DATA LISTING:

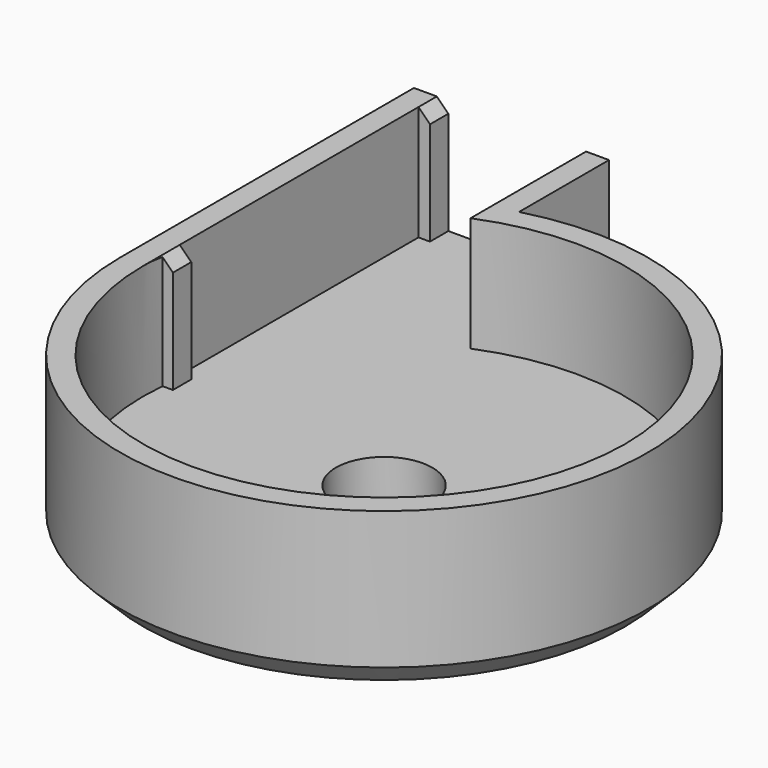
from build123d import *

# Parameters (mm, degrees)
F0_R      = 11.5
F0_R_2    = 2.1
F1_DEPTH  = 7
F2_R      = 10.5
F3_DEPTH  = 5
F5_DEPTH  = 7
F6_W      = 8.5
F6_H      = 2
F7_DEPTH  = 12.8
F8_W      = 6.5
F8_H      = 5
F9_DEPTH  = 15
F10_W     = 1
F10_H     = 5
F11_DEPTH = 0.5
F12_W     = 1
F12_H     = 5
F13_DEPTH = 0.5
F14_SIZE  = 0.49999
F15_SIZE  = 1


# Not quite as in the source:
# - a fillet or chamfer is up to 0.001 mm smaller than in the source, because OpenCascade refuses the exact size


with BuildPart() as f1:
    # F0 (on Top) → F1 (new body)
    with BuildSketch(Plane.XY):
        Circle(F0_R)
        Circle(F0_R_2, mode=Mode.SUBTRACT)
    extrude(amount=F1_DEPTH)

    # F2 (on face) → F3 (cut)
    with BuildSketch(Plane.XY.offset(7)):
        Circle(F2_R)
    extrude(amount=-F3_DEPTH, mode=Mode.SUBTRACT)

    # F4 (on face) → F5 (join)
    with BuildSketch(Plane.XY.offset(7)):
        with BuildLine():
            Line((-11.5, 16), (-11.5, 0))
            ThreePointArc((-11.5, 0), (-11.2472218792, 2.3979157617), (-10.5, 4.6904157598))
            Line((-10.5, 4.6904157598), (-10.5, 16))
            Line((-10.5, 16), (-11.5, 16))
        make_face()
        with BuildLine():
            ThreePointArc((-4, 10.7819293264), (-3.5036523196, 10.9532835453), (-3, 11.1018016556))
            Line((-3, 11.1018016556), (-3, 16))
            Line((-3, 16), (-4, 16))
            Line((-4, 16), (-4, 10.7819293264))
        make_face()
    extrude(amount=-F5_DEPTH)

    # F6 (on face) → F7 (join)
    with BuildSketch(Plane(origin=(0, 16, 0), x_dir=(-1, 0, 0), z_dir=(0, 1, 0))):
        with Locations((7.25, 1)):
            Rectangle(F6_W, F6_H)
    extrude(amount=-F7_DEPTH)

    # F8 (on face) → F9 (cut)
    with BuildSketch(Plane(origin=(0, 16, 0), x_dir=(-1, 0, 0), z_dir=(0, 1, 0))):
        with Locations((7.25, 4.5)):
            Rectangle(F8_W, F8_H)
    extrude(amount=-F9_DEPTH, mode=Mode.SUBTRACT)

    # F10 (on face) → F11 (join)
    with BuildSketch(Plane.YZ.offset(-10.5)):
        with Locations((1.5, 4.5)):
            Rectangle(F10_W, F10_H)
        with Locations((15.5, 4.5)):
            Rectangle(F10_W, F10_H)
    extrude(amount=F11_DEPTH)

    # F12 (on face) → F13 (join)
    with BuildSketch(Plane(origin=(-4, 0, 0), x_dir=(0, -1, 0), z_dir=(-1, 0, 0))):
        with Locations((-15.5, 4.5)):
            Rectangle(F12_W, F12_H)
    extrude(amount=F13_DEPTH)

    # F14 (size 0.5 in the source; OpenCascade refuses exactly that, so slightly less here)
    f14_edges = [f1.edges().sort_by_distance(p)[0] for p in [
        (-10, 1.5, 7),
        (-10, 15.5, 7),
        (-4.5, 15.5, 7),
    ]]
    chamfer(f14_edges, length=F14_SIZE)

    # F15
    f15_edges = [f1.edges().sort_by_distance(p)[0] for p in [
        (9.130991, -6.991066, 0),
        (-3, 13.550901, 0),
        (-11.5, 8, 0),
    ]]
    chamfer(f15_edges, length=F15_SIZE)


solid = f1.part
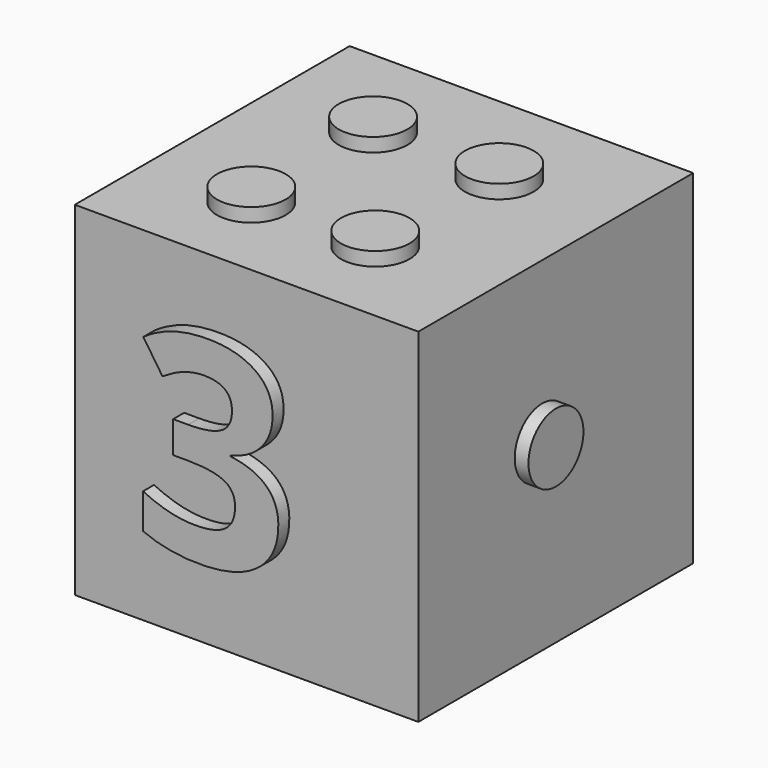
from build123d import *

# Parameters (mm, degrees)
F0_W          = 63.5
F0_H          = 63.5
F1_DEPTH      = 63.5
F6_R          = 6.35
F5_R          = 6.35
F4_R          = 6.35
F3_R          = 6.35
F2_R          = 6.35
F7_DEPTH      = 2.54
F8_TEXT_SIZE  = 50.5958243998
F9_DEPTH      = 2.54
F10_TEXT_SIZE = 47.3323316934
F11_DEPTH     = 2.54
F12_R         = 6.35
F13_DEPTH     = 2.54
F14_TEXT_SIZE = 47.5209736679
F15_DEPTH     = 2.54
F19_R         = 6.35
F18_R         = 6.35
F17_R         = 6.35
F16_R         = 6.35
F20_DEPTH     = 2.54


# Not quite as in the source:
# - Text() gives the source's letters only with a copy of the font that has no kerning and outlines rounded to 1/6400 em; it was checked with that copy


with BuildPart() as f1:
    # F0 (on Front) → F1 (new body)
    with BuildSketch(Plane.XZ):
        with Locations((1.4093826413, -6.4480352104)):
            Rectangle(F0_W, F0_H)
    extrude(amount=F1_DEPTH)

    # F6 (on face) + F5 (on face) + F4 (on face) + F3 (on face) + F2 (on face) → F7 (join)
    with BuildSketch(Plane(origin=(-30.3406173587, 0, 0), x_dir=(0, -1, 0), z_dir=(-1, 0, 0))):
        with Locations((15.0134842843, 12.2437588871)):
            Circle(F6_R)
    with BuildSketch(Plane(origin=(-30.3406173587, 0, 0), x_dir=(0, -1, 0), z_dir=(-1, 0, 0))):
        with Locations((46.5024486184, 12.8694605082)):
            Circle(F5_R)
    with BuildSketch(Plane(origin=(-30.3406173587, 0, 0), x_dir=(0, -1, 0), z_dir=(-1, 0, 0))):
        with Locations((30.4386075586, -6.1582382768)):
            Circle(F4_R)
    with BuildSketch(Plane(origin=(-30.3406173587, 0, 0), x_dir=(0, -1, 0), z_dir=(-1, 0, 0))):
        with Locations((48.3451336622, -23.4257057309)):
            Circle(F3_R)
    with BuildSketch(Plane(origin=(-30.3406173587, 0, 0), x_dir=(0, -1, 0), z_dir=(-1, 0, 0))):
        with Locations((14.7974742576, -23.0567250401)):
            Circle(F2_R)
    extrude(amount=F7_DEPTH)

    # F8 (on face) → F9 (join)
    with BuildSketch(Plane.XZ.offset(63.5)):
        with Locations((-17.6163535798, -23.4719523014)):
            Text('3', F8_TEXT_SIZE, font='Open Sans', font_style=FontStyle.BOLD, text_align=(TextAlign.LEFT, TextAlign.BOTTOM))
    extrude(amount=F9_DEPTH)

    # F10 (on face) → F11 (join)
    with BuildSketch(Plane(origin=(0, 0, 0), x_dir=(-1, 0, 0), z_dir=(0, 1, 0))):
        with Locations((-16.5017300751, -22.1271389164)):
            Text('6', F10_TEXT_SIZE, font='Open Sans', font_style=FontStyle.BOLD, text_align=(TextAlign.LEFT, TextAlign.BOTTOM))
    extrude(amount=F11_DEPTH)

    # F12 (on face) → F13 (join)
    with BuildSketch(Plane.YZ.offset(33.1593826413)):
        with Locations((-34.8878353834, -4.3557123281)):
            Circle(F12_R)
    extrude(amount=F13_DEPTH)

    # F14 (on face) → F15 (join)
    with BuildSketch(Plane(origin=(0, 0, -38.1980352104), x_dir=(1, 0, 0), z_dir=(0, 0, -1))):
        with Locations((-18.2250104845, 15.4068237171)):
            Text('2', F14_TEXT_SIZE, font='Open Sans', font_style=FontStyle.BOLD, text_align=(TextAlign.LEFT, TextAlign.BOTTOM))
    extrude(amount=F15_DEPTH)

    # F19 (on face) + F18 (on face) + F17 (on face) + F16 (on face) → F20 (join)
    with BuildSketch(Plane.XY.offset(25.3019647896)):
        with Locations((12.4927451834, -18.9605727792)):
            Circle(F19_R)
    with BuildSketch(Plane.XY.offset(25.3019647896)):
        with Locations((11.6483019665, -46.5689077973)):
            Circle(F18_R)
    with BuildSketch(Plane.XY.offset(25.3019647896)):
        with Locations((-10.8696185052, -18.9258661121)):
            Circle(F17_R)
    with BuildSketch(Plane.XY.offset(25.3019647896)):
        with Locations((-10.9002171084, -47.0146723092)):
            Circle(F16_R)
    extrude(amount=F20_DEPTH)


solid = f1.part
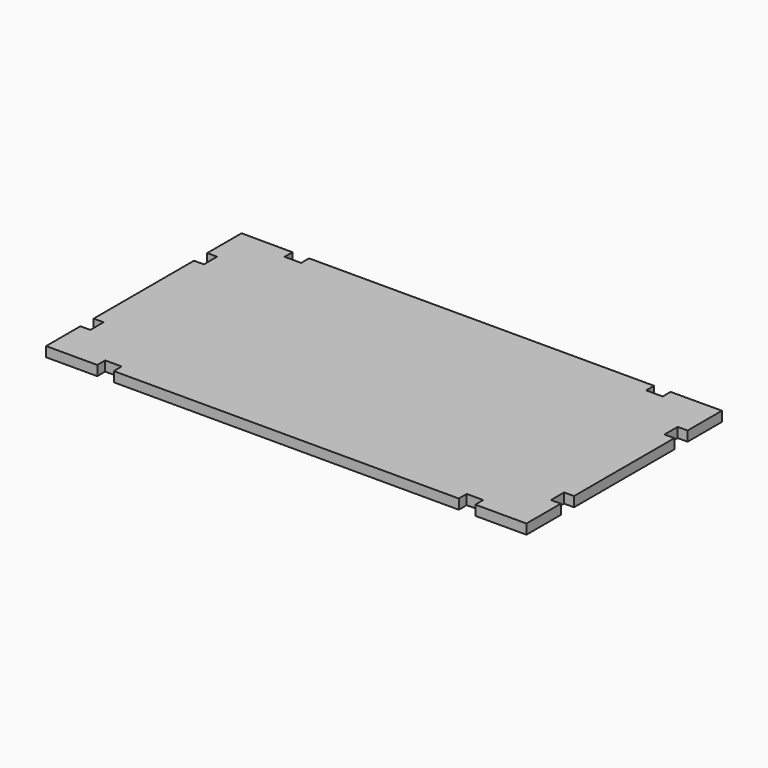
from build123d import *

# Parameters (mm, degrees)
F1_DEPTH = 6


# Not quite as in the source:
# - a feature names something its author has since deleted; it is built from what else it names


with BuildPart() as f1:
    # F0 (on Top) → F1 (new body)
    with BuildSketch(Plane.XY):
        Polygon((-145.5, 69.5100414706), (-145.5, 43.5100414706), (-139.5, 43.5100414706), (-139.5, 33.5100414706), (-145.5, 33.5100414706), (-145.5, -42.4899585294), (-139.5, -42.4899585294), (-139.5, -52.4899585294), (-145.5, -52.4899585294), (-145.5, -78.4899585294), (-114.5, -78.4901820861), (-114.5, -72.4901820861), (-104.5, -72.4901820861), (-104.5, -78.4901820861), (0, -78.4901820861), (104.5, -78.4901820861), (104.5, -72.4901820861), (114.5, -72.4901820861), (114.5, -78.4901820861), (145.5, -78.4899585294), (145.5, -52.4899585294), (139.5, -52.4899585294), (139.5, -42.4899585294), (145.5, -42.4899585294), (145.5, 33.5100414706), (139.5, 33.5100414706), (139.5, 43.5100414706), (145.5, 43.5100414706), (145.5, 69.5100414706), (114.5, 69.3948656799), (114.4997712807, 63.3948656843), (104.5, 63.3948656864), (104.5, 69.3948656864), (0, 69.3948656864), (-104.5, 69.3948656864), (-104.5, 63.3948656864), (-114.4997712807, 63.3948656843), (-114.5, 69.3948656799), align=None)
    extrude(amount=F1_DEPTH)


solid = f1.part
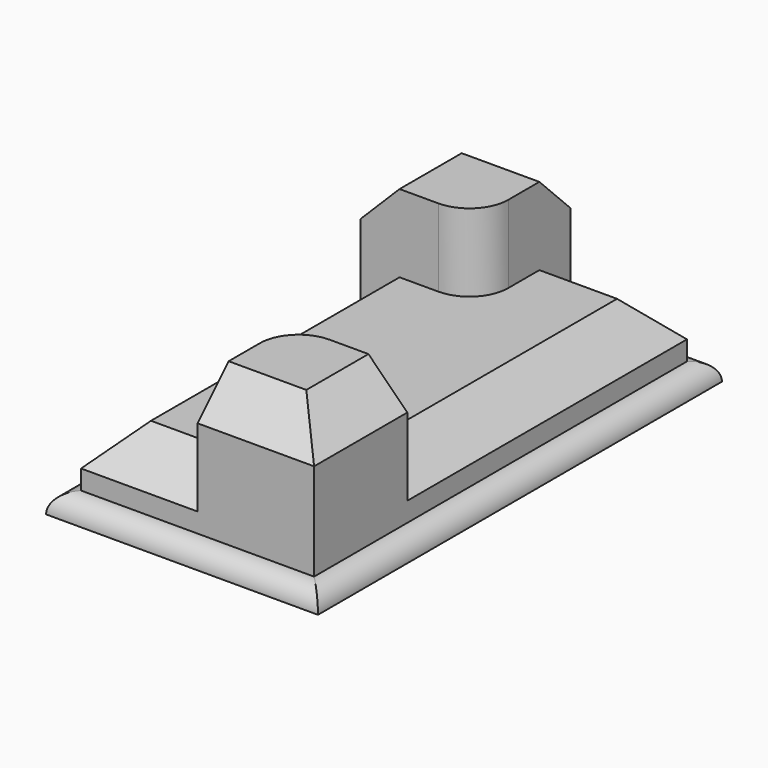
from build123d import *

# Parameters (mm, degrees)
F0_W     = 88.9
F0_H     = 165.1
F1_DEPTH = 6.35
F2_R     = 6.34999
F3_DEPTH = 25.4
F4_SIZE  = 12.7
F5_DEPTH = 50.8
F6_SIZE  = 12.7


# Not quite as in the source:
# - a fillet or chamfer is up to 0.001 mm smaller than in the source, because OpenCascade refuses the exact size


with BuildPart() as f1:
    # F0 (on Top) → F1 (new body)
    with BuildSketch(Plane.XY):
        with Locations((-3.1579616427, 10.7737789035)):
            Rectangle(F0_W, F0_H)
        Polygon((-41.2579616427, 48.8737789035), (-41.2579616427, 86.9737789035), (-3.1579616427, 86.9737789035), (34.9420383573, 86.9737789035), (34.9420383573, -27.3262210965), (34.9420383573, -65.4262210965), (-3.1579616427, -65.4262210965), (-41.2579616427, -65.4262210965), align=None, mode=Mode.SUBTRACT)
    extrude(amount=F1_DEPTH)

    # F2 (radius 6.35 in the source; OpenCascade refuses exactly that, so slightly less here)
    f2_edges = [f1.edges().sort_by_distance(p)[0] for p in [
        (-47.607962, 10.773779, 6.35),
        (-3.157962, 93.323779, 6.35),
        (41.292038, 10.773779, 6.35),
        (-3.157962, -71.776221, 6.35),
    ]]
    fillet(f2_edges, radius=F2_R)

    # F0 (on Top) → F3 (join)
    with BuildSketch(Plane.XY):
        with BuildLine():
            Line((34.9420383573, 86.9737789035), (-3.1579616427, 86.9737789035))
            Line((-3.1579616427, 86.9737789035), (-3.1579616427, 61.5737789035))
            ThreePointArc((-3.1579616427, 61.5737789035), (-6.8777055217, 52.5935227824), (-15.8579616427, 48.8737789035))
            Line((-15.8579616427, 48.8737789035), (-41.2579616427, 48.8737789035))
            Line((-41.2579616427, 48.8737789035), (-41.2579616427, -65.4262210965))
            Line((-41.2579616427, -65.4262210965), (-3.1579616427, -65.4262210965))
            Line((-3.1579616427, -65.4262210965), (-3.1579616427, -40.0262210965))
            ThreePointArc((-3.1579616427, -40.0262210965), (0.5617822362, -31.0459649754), (9.5420383573, -27.3262210965))
            Line((9.5420383573, -27.3262210965), (34.9420383573, -27.3262210965))
            Line((34.9420383573, -27.3262210965), (34.9420383573, 86.9737789035))
        make_face()
    extrude(amount=F3_DEPTH)

    # F4
    f4_edges = [f1.edges().sort_by_distance(p)[0] for p in [
        (34.942038, 29.823779, 25.4),
        (15.892038, 86.973779, 25.4),
        (-41.257962, -8.276221, 25.4),
        (-22.207962, -65.426221, 25.4),
    ]]
    chamfer(f4_edges, length=F4_SIZE)

    # F0 (on Top) → F5 (join)
    with BuildSketch(Plane.XY):
        with BuildLine():
            Line((-3.1579616427, 86.9737789035), (-41.2579616427, 86.9737789035))
            Line((-41.2579616427, 86.9737789035), (-41.2579616427, 48.8737789035))
            Line((-41.2579616427, 48.8737789035), (-15.8579616427, 48.8737789035))
            ThreePointArc((-15.8579616427, 48.8737789035), (-6.8777055217, 52.5935227824), (-3.1579616427, 61.5737789035))
            Line((-3.1579616427, 61.5737789035), (-3.1579616427, 86.9737789035))
        make_face()
        with BuildLine():
            Line((34.9420383573, -65.4262210965), (34.9420383573, -27.3262210965))
            Line((34.9420383573, -27.3262210965), (9.5420383573, -27.3262210965))
            ThreePointArc((9.5420383573, -27.3262210965), (0.5617822362, -31.0459649754), (-3.1579616427, -40.0262210965))
            Line((-3.1579616427, -40.0262210965), (-3.1579616427, -65.4262210965))
            Line((-3.1579616427, -65.4262210965), (34.9420383573, -65.4262210965))
        make_face()
    extrude(amount=F5_DEPTH)

    # F6
    f6_edges = [f1.edges().sort_by_distance(p)[0] for p in [
        (-22.207962, 86.973779, 50.8),
        (-41.257962, 67.923779, 50.8),
        (34.942038, -46.376221, 50.8),
        (15.892038, -65.426221, 50.8),
    ]]
    chamfer(f6_edges, length=F6_SIZE)


solid = f1.part

PROBLEM:
From the records above, print only the lines between the one holding "52.5935227824), (-15.8579616427, 48.8737789035))" and the one holding "48.8737789035), (-15.8579616427, 48.8737789035))", inclusive, exactly as they stand.

OUTPUT FOR THIS EXERCISE:
            ThreePointArc((-3.1579616427, 61.5737789035), (-6.8777055217, 52.5935227824), (-15.8579616427, 48.8737789035))
            Line((-15.8579616427, 48.8737789035), (-41.2579616427, 48.8737789035))
            Line((-41.2579616427, 48.8737789035), (-41.2579616427, -65.4262210965))
            Line((-41.2579616427, -65.4262210965), (-3.1579616427, -65.4262210965))
            Line((-3.1579616427, -65.4262210965), (-3.1579616427, -40.0262210965))
            ThreePointArc((-3.1579616427, -40.0262210965), (0.5617822362, -31.0459649754), (9.5420383573, -27.3262210965))
            Line((9.5420383573, -27.3262210965), (34.9420383573, -27.3262210965))
            Line((34.9420383573, -27.3262210965), (34.9420383573, 86.9737789035))
        make_face()
    extrude(amount=F3_DEPTH)

    # F4
    f4_edges = [f1.edges().sort_by_distance(p)[0] for p in [
        (34.942038, 29.823779, 25.4),
        (15.892038, 86.973779, 25.4),
        (-41.257962, -8.276221, 25.4),
        (-22.207962, -65.426221, 25.4),
    ]]
    chamfer(f4_edges, length=F4_SIZE)

    # F0 (on Top) → F5 (join)
    with BuildSketch(Plane.XY):
        with BuildLine():
            Line((-3.1579616427, 86.9737789035), (-41.2579616427, 86.9737789035))
            Line((-41.2579616427, 86.9737789035), (-41.2579616427, 48.8737789035))
            Line((-41.2579616427, 48.8737789035), (-15.8579616427, 48.8737789035))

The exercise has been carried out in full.